First of all, the setting had changed, from Earth to a mining colony.  The background of the conflict doesn’t matter much, but the fact that this is a backwater conflict among factions that were long abandoned by their home planet makes the movie feel insignificant.  Why should the viewer care about a few soldiers, instead of the entire mankind?  What follows, however, is very close to the book, down to large portions of the dialog.  The only significant deviation is the addition of a second soldier to accompany the commander, and the lack of a wounded soldier robot until much later in the story.  Where it all falls apart, however, is the ending.  The movie first goes for a cheap jump scare when the most dangerous robot is resurrected just in time for a final confrontation.  Then the second variety is revealed when the rescue ship is still on the ground, and two Second Variety robots fight it out among themselves.  Because, you see, one of them fell in love with the commander, and is now helping him escape, at the cost of her own life.  He finally escapes, and the movie fades to black.

The final cop-out ruined the movie for me.  It indicated a fundamental misunderstanding of Dick’s end lesson: that sentient robots are just as evil and short-sighted as humans.  They go on destroying humanity, only to replace it with exactly the same thing.  There is also no hope for humanity: it will self-destruct.  The movie is trying to humanize the robots by breaking their programming and making them experience love, which in turn gives them capacity for self-sacrifice.  That is the exact opposite what I felt from reading the short story.  Combined with the change of scale, mankind’s last stand versus a local conflict, the movie felt insignificant.

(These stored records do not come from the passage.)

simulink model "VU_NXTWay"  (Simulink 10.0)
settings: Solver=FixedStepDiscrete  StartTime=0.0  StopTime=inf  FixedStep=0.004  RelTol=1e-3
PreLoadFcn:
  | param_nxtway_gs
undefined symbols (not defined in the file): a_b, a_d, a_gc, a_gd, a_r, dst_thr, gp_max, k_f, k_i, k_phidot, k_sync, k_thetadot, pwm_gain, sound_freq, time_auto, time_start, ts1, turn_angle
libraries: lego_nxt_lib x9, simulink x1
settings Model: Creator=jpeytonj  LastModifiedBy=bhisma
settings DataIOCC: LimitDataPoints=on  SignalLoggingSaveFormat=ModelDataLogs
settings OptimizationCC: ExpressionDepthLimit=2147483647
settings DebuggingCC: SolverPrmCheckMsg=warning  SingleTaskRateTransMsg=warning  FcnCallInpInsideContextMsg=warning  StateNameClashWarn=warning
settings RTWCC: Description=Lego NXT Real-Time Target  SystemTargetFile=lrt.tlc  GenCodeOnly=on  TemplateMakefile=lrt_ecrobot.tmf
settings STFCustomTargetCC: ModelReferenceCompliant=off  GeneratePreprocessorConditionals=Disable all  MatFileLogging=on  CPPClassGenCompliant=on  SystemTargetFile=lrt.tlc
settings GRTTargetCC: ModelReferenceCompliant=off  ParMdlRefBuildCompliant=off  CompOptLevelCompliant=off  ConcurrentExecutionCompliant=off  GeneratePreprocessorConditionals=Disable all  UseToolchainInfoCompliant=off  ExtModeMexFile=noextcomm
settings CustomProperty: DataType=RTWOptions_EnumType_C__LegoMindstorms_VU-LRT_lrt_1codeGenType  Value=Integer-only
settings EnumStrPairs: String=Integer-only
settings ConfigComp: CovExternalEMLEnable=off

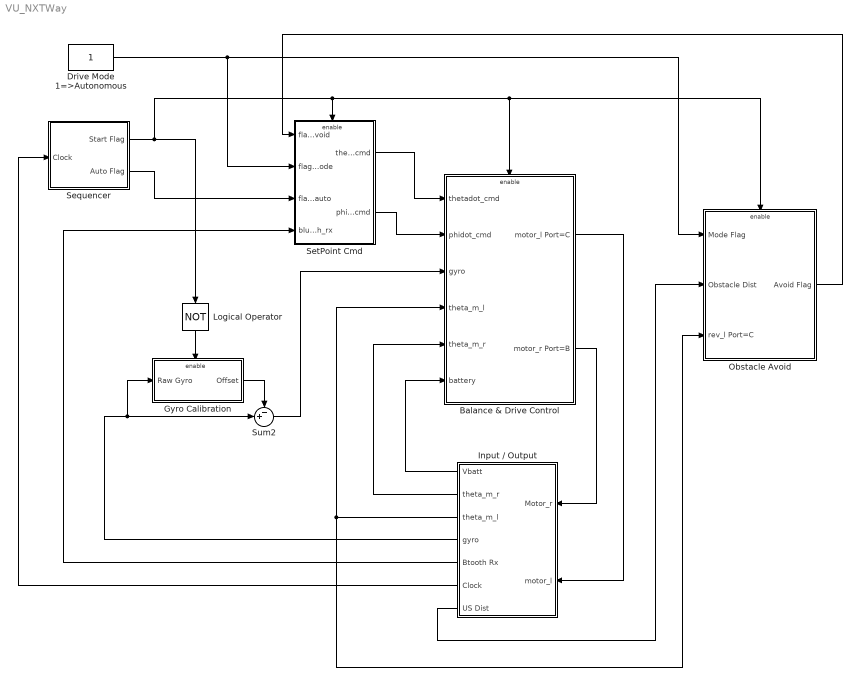
== system VU_NXTWay ==
  Balance & Drive Control : Subsystem
  Drive Mode 1=>Autonomous : Constant  OutDataTypeStr=boolean  SampleTime=-1
      settings: AttributesFormatString=DataType = %<OutDataTypeStr>
  Gyro Calibration : Subsystem  TreatAsAtomicUnit=on
  Input / Output : Subsystem
  Logical Operator : Logic  Operator=NOT  AllPortsSameDT=off  OutDataTypeStr=boolean
  Obstacle Avoid : Subsystem
  Sequencer : Subsystem
  SetPoint Cmd : Subsystem
  Sum2 : Sum  Inputs=-+|  OutDataTypeStr=Inherit: Same as first input
  wires:
  Input / Output/4(gyro) -> Gyro Calibration/1(Raw Gyro), Sum2/2
  Input / Output/1(Vbatt) -> Balance & Drive Control/6(battery)
  Logical Operator/1 -> Gyro Calibration/Enable
  Input / Output/3(theta_m_l) -> Balance & Drive Control/4(theta_m_l), Obstacle Avoid/3(rev_l Port=C)
  Input / Output/2(theta_m_r) -> Balance & Drive Control/5(theta_m_r)
  Sum2/1 -> Balance & Drive Control/3(gyro)
  Drive Mode 1=>Autonomous/1 -> Obstacle Avoid/1(Mode Flag), SetPoint Cmd/2(flag_mode)
  Balance & Drive Control/2(motor_r Port=B) -> Input / Output/1(Motor_r)
  Balance & Drive Control/1(motor_l Port=C) -> Input / Output/2(motor_l)
  Input / Output/7(US Dist) -> Obstacle Avoid/2(Obstacle Dist)
  Input / Output/6(Clock) -> Sequencer/1(Clock)
  Sequencer/1(Start Flag) -> Logical Operator/1, SetPoint Cmd/Enable, Balance & Drive Control/Enable, Obstacle Avoid/Enable
  SetPoint Cmd/1(thetadot_cmd) -> Balance & Drive Control/1(thetadot_cmd)
  SetPoint Cmd/2(phidot_cmd) -> Balance & Drive Control/2(phidot_cmd)
  Sequencer/2(Auto Flag) -> SetPoint Cmd/3(flag_auto)
  Input / Output/5(Btooth Rx) -> SetPoint Cmd/4(bluetooth_rx)
  Gyro Calibration/1(Offset) -> Sum2/1
  Obstacle Avoid/1(Avoid Flag) -> SetPoint Cmd/1(flag_avoid)

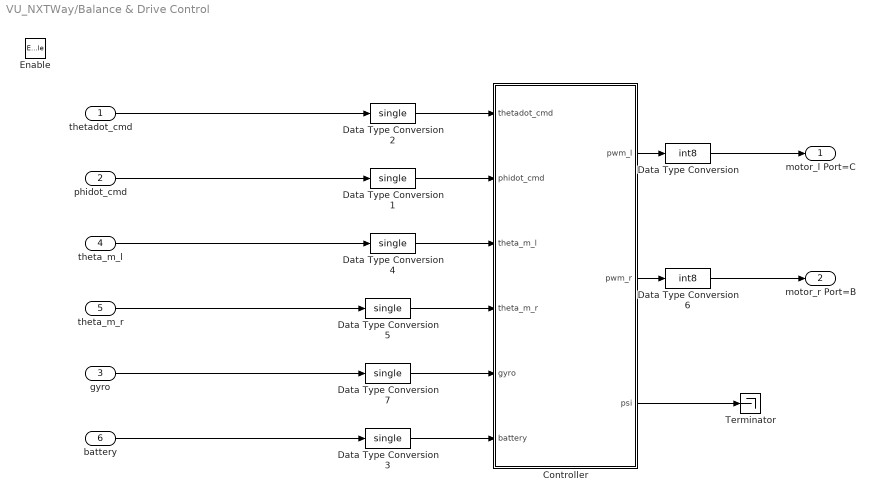
== system VU_NXTWay/Balance & Drive Control ==
  thetadot_cmd : Inport
  phidot_cmd : Inport  Port=2
  gyro : Inport  Port=3
  theta_m_l : Inport  Port=4
  theta_m_r : Inport  Port=5
  battery : Inport  Port=6
  Enable : EnablePort
  Controller : Subsystem
  Data Type Conversion : DataTypeConversion  OutDataTypeStr=int8  RndMeth=Simplest
      settings: AttributesFormatString=Round = %<RndMeth>
  Data Type Conversion{1..5,7} (6 alike) : DataTypeConversion  OutDataTypeStr=single  RndMeth=Simplest
      settings: AttributesFormatString=Round = %<RndMeth>
  Data Type Conversion6 : DataTypeConversion  OutDataTypeStr=int8  RndMeth=Simplest
      settings: AttributesFormatString=Round = %<RndMeth>
  Terminator : Terminator
  motor_l Port=C : Outport
  motor_r Port=B : Outport  Port=2
  wires:
  Data Type Conversion2/1 -> Controller/1(thetadot_cmd)
  Data Type Conversion1/1 -> Controller/2(phidot_cmd)
  Data Type Conversion6/1 -> motor_r Port=B/1
  Data Type Conversion/1 -> motor_l Port=C/1
  theta_m_r/1 -> Data Type Conversion5/1
  theta_m_l/1 -> Data Type Conversion4/1
  phidot_cmd/1 -> Data Type Conversion1/1
  thetadot_cmd/1 -> Data Type Conversion2/1
  Controller/2(pwm_r) -> Data Type Conversion6/1
  Controller/1(pwm_l) -> Data Type Conversion/1
  Data Type Conversion3/1 -> Controller/6(battery)
  battery/1 -> Data Type Conversion3/1
  Data Type Conversion5/1 -> Controller/4(theta_m_r)
  Data Type Conversion4/1 -> Controller/3(theta_m_l)
  gyro/1 -> Data Type Conversion7/1
  Data Type Conversion7/1 -> Controller/5(gyro)
  Controller/3(psi) -> Terminator/1

== system VU_NXTWay/Gyro Calibration ==
  note: Calculate gyro offset (zero point value).
  Raw Gyro : Inport
  Enable : EnablePort
  Discrete Filter : DiscreteFilter  Numerator=[1-a_gc]  Denominator=[1 -a_gc]
  Offset : Outport
  wires:
  Raw Gyro/1 -> Discrete Filter/1
  Discrete Filter/1 -> Offset/1

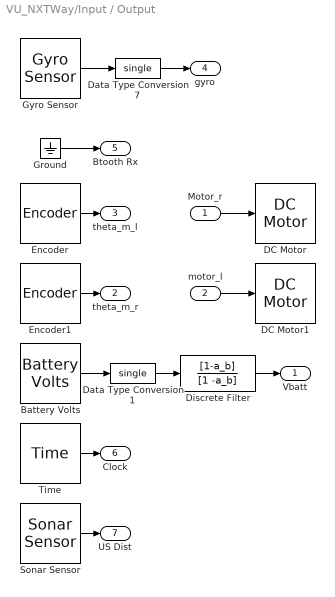
== system VU_NXTWay/Input / Output ==
  Motor_r : Inport
  motor_l : Inport  Port=2
  Battery Volts : lego_nxt_lib/Battery Volts  st=ts3
  DC Motor : lego_nxt_lib/DC Motor  port=Port C  brake=Brake
  DC Motor1 : lego_nxt_lib/DC Motor  port=Port B  brake=Brake
  Data Type Conversion1 : DataTypeConversion  OutDataTypeStr=single  RndMeth=Simplest
      settings: AttributesFormatString=Round = %<RndMeth>
  Data Type Conversion7 : DataTypeConversion  OutDataTypeStr=single  RndMeth=Simplest
      settings: AttributesFormatString=Round = %<RndMeth>
  Discrete Filter : DiscreteFilter  Numerator=[1-a_b]  Denominator=[1 -a_b]
  Encoder : lego_nxt_lib/Encoder  port=Port B  st=0.004
  Encoder1 : lego_nxt_lib/Encoder  port=Port C  st=0.004
  Ground : Ground
  Gyro Sensor : lego_nxt_lib/Gyro Sensor  port=Port 3  st=0.004
  Sonar Sensor : lego_nxt_lib/Sonar Sensor  SystemSampleTime=-1  port=Port 2  statussrc=Hide  st=0.02
  Time : lego_nxt_lib/Time  st=0.004
  Vbatt : Outport
  theta_m_r : Outport  Port=2
  theta_m_l : Outport  Port=3
  gyro : Outport  Port=4
  Btooth Rx : Outport  Port=5
  Clock : Outport  Port=6
  US Dist : Outport  Port=7
  wires:
  Gyro Sensor/1 -> Data Type Conversion7/1
  Ground/1 -> Btooth Rx/1
  Encoder/1 -> theta_m_l/1
  Encoder1/1 -> theta_m_r/1
  Battery Volts/1 -> Data Type Conversion1/1
  motor_l/1 -> DC Motor1/1
  Motor_r/1 -> DC Motor/1
  Time/1 -> Clock/1
  Sonar Sensor/1 -> US Dist/1
  Data Type Conversion7/1 -> gyro/1
  Discrete Filter/1 -> Vbatt/1
  Data Type Conversion1/1 -> Discrete Filter/1

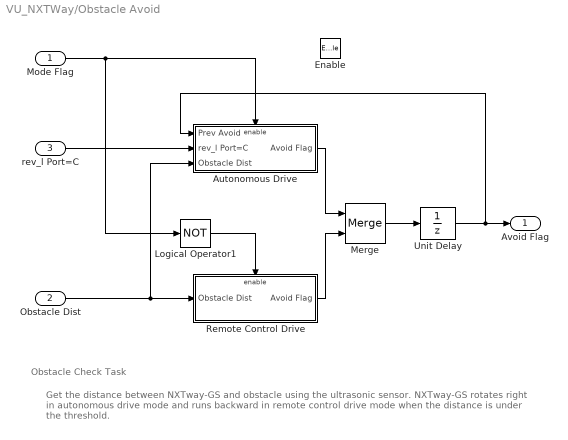
== system VU_NXTWay/Obstacle Avoid ==
  note: Get the distance between NXTway-GS and obstacle using the ultrasonic sensor.
      | NXTway-GS rotates right in autonomous drive mode and runs backward in remote
      | control drive mode when the distance is under the threshold.
  note: Obstacle Check Task
  Mode Flag : Inport
  Obstacle Dist : Inport  Port=2
  rev_l Port=C : Inport  Port=3
  Enable : EnablePort
  Autonomous Drive : Subsystem
  Logical Operator1 : Logic  Operator=NOT  AllPortsSameDT=off  OutDataTypeStr=boolean
  Merge : Merge
  Remote Control Drive : Subsystem
  Unit Delay : UnitDelay  SampleTime=-1
  Avoid Flag : Outport
  wires:
  Logical Operator1/1 -> Remote Control Drive/Enable
  Mode Flag/1 -> Logical Operator1/1, Autonomous Drive/Enable
  Obstacle Dist/1 -> Remote Control Drive/1(Obstacle Dist), Autonomous Drive/3(Obstacle Dist)
  Merge/1 -> Unit Delay/1
  Remote Control Drive/1(Avoid Flag) -> Merge/2
  Autonomous Drive/1(Avoid Flag) -> Merge/1
  rev_l Port=C/1 -> Autonomous Drive/2(rev_l Port=C)
  Unit Delay/1 -> Avoid Flag/1, Autonomous Drive/1(Prev Avoid)

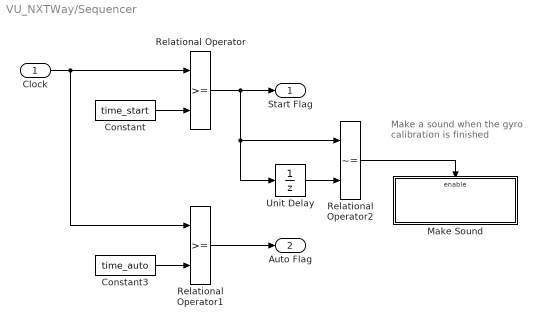
== system VU_NXTWay/Sequencer ==
  note: Make a sound when the
      | gyro calibration is finished
  Clock : Inport
  Constant : Constant  Value=time_start  OutDataTypeStr=uint32  SampleTime=0.004
      settings: AttributesFormatString=DataType = %<OutDataTypeStr>
  Constant3 : Constant  Value=time_auto  OutDataTypeStr=uint32  SampleTime=0.004
      settings: AttributesFormatString=DataType = %<OutDataTypeStr>
  Make Sound : Subsystem
  Relational Operator : RelationalOperator  OutDataTypeStr=boolean  RndMeth=Nearest
  Relational Operator1 : RelationalOperator  OutDataTypeStr=boolean  RndMeth=Nearest
  Relational Operator2 : RelationalOperator  Operator=~=  OutDataTypeStr=boolean  RndMeth=Nearest
  Unit Delay : UnitDelay  SampleTime=-1
  Start Flag : Outport
  Auto Flag : Outport  Port=2
  wires:
  Constant/1 -> Relational Operator/2
  Relational Operator/1 -> Unit Delay/1, Relational Operator2/1, Start Flag/1
  Constant3/1 -> Relational Operator1/2
  Clock/1 -> Relational Operator1/1, Relational Operator/1
  Unit Delay/1 -> Relational Operator2/2
  Relational Operator2/1 -> Make Sound/Enable
  Relational Operator1/1 -> Auto Flag/1

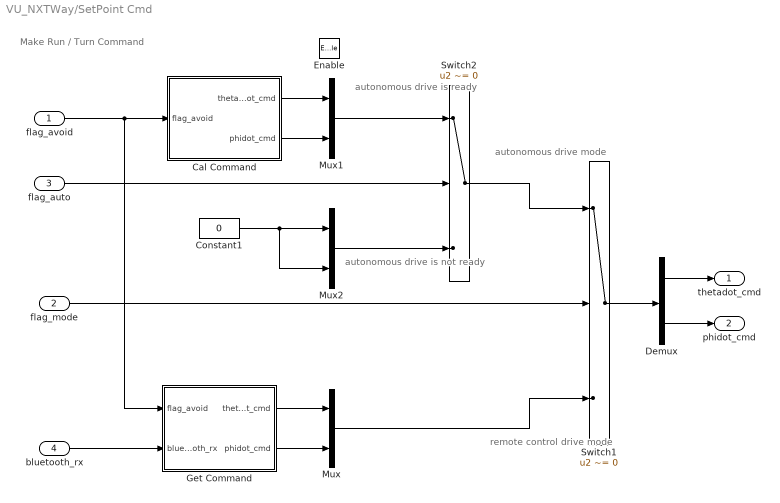
== system VU_NXTWay/SetPoint Cmd ==
  note: Make Run / Turn Command
  note: autonomous
      | drive mode
  note: remote control
      | drive mode
  note: autonomous
      | drive is ready
  note: autonomous
      | drive is not ready
  flag_avoid : Inport
  flag_mode : Inport  Port=2
  flag_auto : Inport  Port=3
  bluetooth_rx : Inport  Port=4
  Enable : EnablePort
  Cal Command : Subsystem
  Constant1 : Constant  Value=0  VectorParams1D=off  OutDataTypeStr=int8  SampleTime=0.004
      settings: AttributesFormatString=DataType = %<OutDataTypeStr>
  Demux : Demux  Outputs=2
  Get Command : Subsystem
  Mux : Mux  Inputs=2
  Mux1 : Mux  Inputs=2
  Mux2 : Mux  Inputs=2
  Switch1 : Switch  Criteria=u2 ~= 0
  Switch2 : Switch  Criteria=u2 ~= 0
  thetadot_cmd : Outport
  phidot_cmd : Outport  Port=2
  wires:
  bluetooth_rx/1 -> Get Command/2(bluetooth_rx)
  flag_mode/1 -> Switch1/2
  Get Command/1(thetadot_cmd) -> Mux/1
  Get Command/2(phidot_cmd) -> Mux/2
  Demux/2 -> phidot_cmd/1
  Cal Command/1(thetadot_cmd) -> Mux1/1
  Cal Command/2(phidot_cmd) -> Mux1/2
  Mux/1 -> Switch1/3
  flag_auto/1 -> Switch2/2
  Mux1/1 -> Switch2/1
  Constant1/1 -> Mux2/1, Mux2/2
  Mux2/1 -> Switch2/3
  Switch2/1 -> Switch1/1
  flag_avoid/1 -> Cal Command/1(flag_avoid), Get Command/1(flag_avoid)
  Switch1/1 -> Demux/1
  Demux/1 -> thetadot_cmd/1

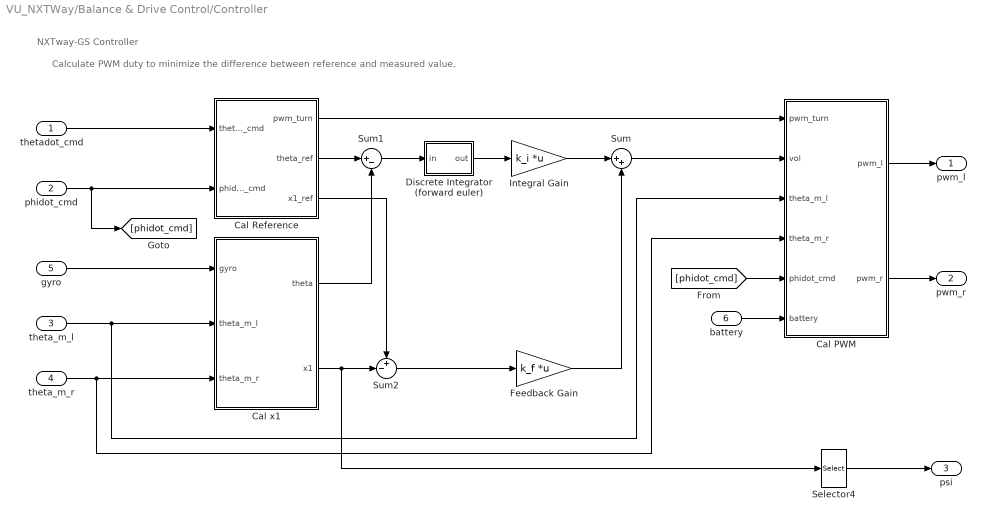
== system VU_NXTWay/Balance & Drive Control/Controller ==
  note: Calculate PWM duty to minimize the difference between reference and measured value.
  note: NXTway-GS Controller
  thetadot_cmd : Inport
  phidot_cmd : Inport  Port=2
  theta_m_l : Inport  Port=3
  theta_m_r : Inport  Port=4
  gyro : Inport  Port=5
  battery : Inport  Port=6
  Cal PWM : Subsystem
  Cal Reference : Subsystem
  Cal x1 : Subsystem
  Discrete Integrator (forward euler) : Subsystem
  Feedback Gain : Gain  Gain=k_f  Multiplication=Matrix(K*u)  OutDataTypeStr=Inherit: Same as input  ParamDataTypeStr=Inherit: Same as input
  Integral Gain : Gain  Gain=k_i  Multiplication=Matrix(K*u)  OutDataTypeStr=Inherit: Same as input  ParamDataTypeStr=Inherit: Same as input
  Selector4 : Selector  InputPortWidth=4  IndexOptions=Index vector (dialog)  Indices=2  OutputSizes=1
  Sum : Sum  Inputs=|++  OutDataTypeStr=Inherit: Same as first input
  Sum1 : Sum  Inputs=|+-  OutDataTypeStr=Inherit: Same as first input
  Sum2 : Sum  Inputs=+-|  OutDataTypeStr=Inherit: Same as first input
  pwm_l : Outport
  pwm_r : Outport  Port=2
  psi : Outport  Port=3
  wires:
  [phidot_cmd] -> Cal PWM/5(phidot_cmd)
  Selector4/1 -> psi/1
  Cal Reference/3(x1_ref) -> Sum2/1
  Sum2/1 -> Feedback Gain/1
  Cal x1/2(x1) -> Selector4/1, Sum2/2
  Integral Gain/1 -> Sum/1
  Discrete Integrator (forward euler)/1(out) -> Integral Gain/1
  Sum1/1 -> Discrete Integrator (forward euler)/1(in)
  Cal x1/1(theta) -> Sum1/2
  Cal Reference/2(theta_ref) -> Sum1/1
  Feedback Gain/1 -> Sum/2
  theta_m_r/1 -> Cal PWM/4(theta_m_r), Cal x1/3(theta_m_r)
  battery/1 -> Cal PWM/6(battery)
  Sum/1 -> Cal PWM/2(vol)
  phidot_cmd/1 -> [phidot_cmd], Cal Reference/2(phidot_cmd)
  thetadot_cmd/1 -> Cal Reference/1(thetadot_cmd)
  Cal Reference/1(pwm_turn) -> Cal PWM/1(pwm_turn)
  Cal PWM/1(pwm_l) -> pwm_l/1
  Cal PWM/2(pwm_r) -> pwm_r/1
  theta_m_l/1 -> Cal PWM/3(theta_m_l), Cal x1/2(theta_m_l)
  gyro/1 -> Cal x1/1(gyro)

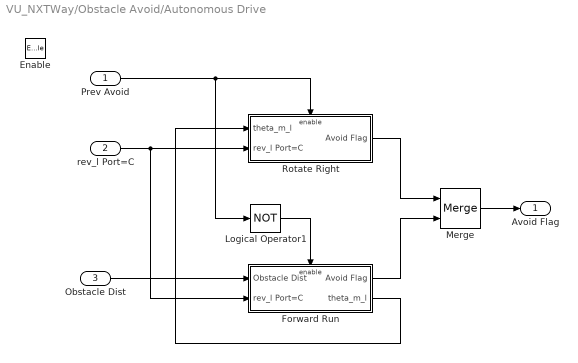
== system VU_NXTWay/Obstacle Avoid/Autonomous Drive ==
  Prev Avoid : Inport
  rev_l Port=C : Inport  Port=2
  Obstacle Dist : Inport  Port=3
  Enable : EnablePort
  Forward Run : Subsystem
  Logical Operator1 : Logic  Operator=NOT  AllPortsSameDT=off  OutDataTypeStr=boolean
  Merge : Merge
  Rotate Right : Subsystem
  Avoid Flag : Outport
  wires:
  Forward Run/2(theta_m_l) -> Rotate Right/1(theta_m_l)
  Logical Operator1/1 -> Forward Run/Enable
  Forward Run/1(Avoid Flag) -> Merge/2
  Merge/1 -> Avoid Flag/1
  Rotate Right/1(Avoid Flag) -> Merge/1
  rev_l Port=C/1 -> Rotate Right/2(rev_l Port=C), Forward Run/2(rev_l Port=C)
  Obstacle Dist/1 -> Forward Run/1(Obstacle Dist)
  Prev Avoid/1 -> Rotate Right/Enable, Logical Operator1/1

== system VU_NXTWay/Obstacle Avoid/Remote Control Drive ==
  Obstacle Dist : Inport
  Enable : EnablePort
  Constant : Constant  Value=dst_thr  OutDataTypeStr=int32  SampleTime=0.004
      settings: AttributesFormatString=DataType = %<OutDataTypeStr>
  Relational Operator : RelationalOperator  Operator=<=  OutDataTypeStr=boolean  RndMeth=Nearest
  Avoid Flag : Outport
  wires:
  Obstacle Dist/1 -> Relational Operator/1
  Relational Operator/1 -> Avoid Flag/1
  Constant/1 -> Relational Operator/2

== system VU_NXTWay/Sequencer/Make Sound ==
  Enable : EnablePort
  Constant : Constant  Value=sound_freq  OutDataTypeStr=uint32  SampleTime=0.2
      settings: AttributesFormatString=DataType = %<OutDataTypeStr>
  Sound Tone : lego_nxt_lib/Sound Tone  SystemSampleTime=-1  freqsrc=External  freq=0  volsrc=Internal  vol=20
  wires:
  Constant/1 -> Sound Tone/1

== system VU_NXTWay/SetPoint Cmd/Cal Command ==
  note: NXTway-GS rotates right when it is avoiding obstacle.
  flag_avoid : Inport
  Constant : Constant  Value=gp_max  VectorParams1D=off  OutDataTypeStr=int8  SampleTime=0.004
      settings: AttributesFormatString=DataType = %<OutDataTypeStr>
  Constant1 : Constant  Value=0  VectorParams1D=off  OutDataTypeStr=int8  SampleTime=0.004
      settings: AttributesFormatString=DataType = %<OutDataTypeStr>
  Constant2 : Constant  Value=0  VectorParams1D=off  OutDataTypeStr=int8  SampleTime=0.004
      settings: AttributesFormatString=DataType = %<OutDataTypeStr>
  Constant3 : Constant  Value=gp_max  VectorParams1D=off  OutDataTypeStr=int8  SampleTime=0.004
      settings: AttributesFormatString=DataType = %<OutDataTypeStr>
  Switch : Switch  Criteria=u2 ~= 0
  Switch2 : Switch  Criteria=u2 ~= 0
  thetadot_cmd : Outport
  phidot_cmd : Outport  Port=2
  wires:
  flag_avoid/1 -> Switch2/2, Switch/2  "flag_turn"
  Constant1/1 -> Switch/1
  Constant/1 -> Switch/3
  Constant3/1 -> Switch2/1
  Constant2/1 -> Switch2/3
  Switch/1 -> thetadot_cmd/1
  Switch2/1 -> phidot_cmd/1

Screamers, the movie adaptation of Second Variety, is in a sense a more faithful adaptation of Dick’s works than most of the others.  It takes the basic premise and keeps it relatively faithfully.  Parts of the movie are almost direct copies of Dick’s work.  It completely misunderstands Dick’s point and misstates his scale of things, but that’s still relatively minor to some of the more prominent movie adaptations of his work.  Screamers is worth watching right after reading Dick’s story, if only to see how good this poor movie adaptation is, compared to most of the others.